> [TASK]: Your answer should consist of each line below that includes the word "through".

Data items
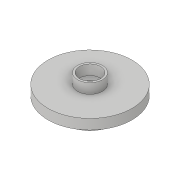
# Autodesk Inventor part: 30_CUBE_openSIM_Laser_FPC_mount
Saved by Autodesk Inventor 2019 (Build 230136000, 136)
## iProperties
Created: 2019-12-13
Part Number: 30_CUBE_openSIM_Laser_FPC_mount
Material: Generic
Document SubType Name: Modeling
Designer: diederichbenedict
Density: 1 g/cm^3
Appearance: Default
Author: diederichbenedict
Autodesk Inventor part; units mm, degrees
ref_plane "YZ Plane" through (0, 0, 0) normal (1, 0, 0) x (0, 1, 0)
ref_plane "XZ Plane" through (0, 0, 0) normal (0, 1, 0) x (-1, 0, 0)
ref_plane "XY Plane" through (0, 0, 0) normal (0, 0, 1) x (1, 0, 0)
sketch "Sketch1" plane through (0, 0, 0) normal (0, 1, 0) x (-1, 0, 0)
  circle A0 centre (0, 0) radius 12.5
  circle A1 centre (0, 0) radius 1.45
  dimension "d0" = 25
  dimension "d1" = 2.9
  constraints: 2 centre point, 2 coincident
  measures "d0" diameter of A0
  measures "d1" diameter of A1
extrude "Extrusion1" add sketch "Sketch1" along normal blind 3
sketch "Sketch2" plane through (0, 3, 0) normal (0, 1, 0) x (1, 0, 0)
  circle A0 centre (0, 0) radius 1.45 projected
  circle A1 centre (0, 0) radius 3.15
  circle A2 centre (0, 0) radius 3.7
  dimension "d4" = 6.3
  dimension "d5" = 7.4
  constraints: 2 centre point, 2 coincident
  measures "d4" diameter of A1
  measures "d5" diameter of A2
extrude "Extrusion2" add sketch "Sketch2" along normal blind 3 contours A2
sketch "Sketch3" plane through (0, 0, 0) normal (0, -1, 0) x (1, 0, 0)
  circle A0 centre (0, 0) radius 1.45 projected
  line L0 (-4.45, -4.45) -> (4.45, -4.45)
  line L1 (4.45, -4.45) -> (4.45, 4.45)
  line L2 (4.45, 4.45) -> (-4.45, 4.45)
  line L3 (-4.45, 4.45) -> (-4.45, -4.45)
  line L4 (-4.45, -4.45) -> (4.45, 4.45) construction
  line L5 (4.45, -4.45) -> (-4.45, 4.45) construction
  circle A1 centre (0, 0) radius 8.4362
  line L6 (-4.45, 1.45) -> (-8.3107, 1.45)
  line L7 (-4.45, -1.45) -> (-8.3107, -1.45)
  dimension "d8" = 8.9
  dimension "d9" = 8.9
  constraints: 16 end point, 3 parallel, 2 horizontal, 2 midpoint, 2 point on circle, 2 point on line, 1 centre point, 1 coincident, 1 perpendicular
  measures "d8" distance of L2.end L1.end
  measures "d9" distance of L1.end L0.end
extrude "Extrusion3" add sketch "Sketch3" along normal blind 3 contours L0 L1 L2 L3 L6 A1 L7
body "Solid1"

> [RESPONSE]:
ref_plane "YZ Plane" through (0, 0, 0) normal (1, 0, 0) x (0, 1, 0)
ref_plane "XZ Plane" through (0, 0, 0) normal (0, 1, 0) x (-1, 0, 0)
ref_plane "XY Plane" through (0, 0, 0) normal (0, 0, 1) x (1, 0, 0)
sketch "Sketch1" plane through (0, 0, 0) normal (0, 1, 0) x (-1, 0, 0)
sketch "Sketch2" plane through (0, 3, 0) normal (0, 1, 0) x (1, 0, 0)
sketch "Sketch3" plane through (0, 0, 0) normal (0, -1, 0) x (1, 0, 0)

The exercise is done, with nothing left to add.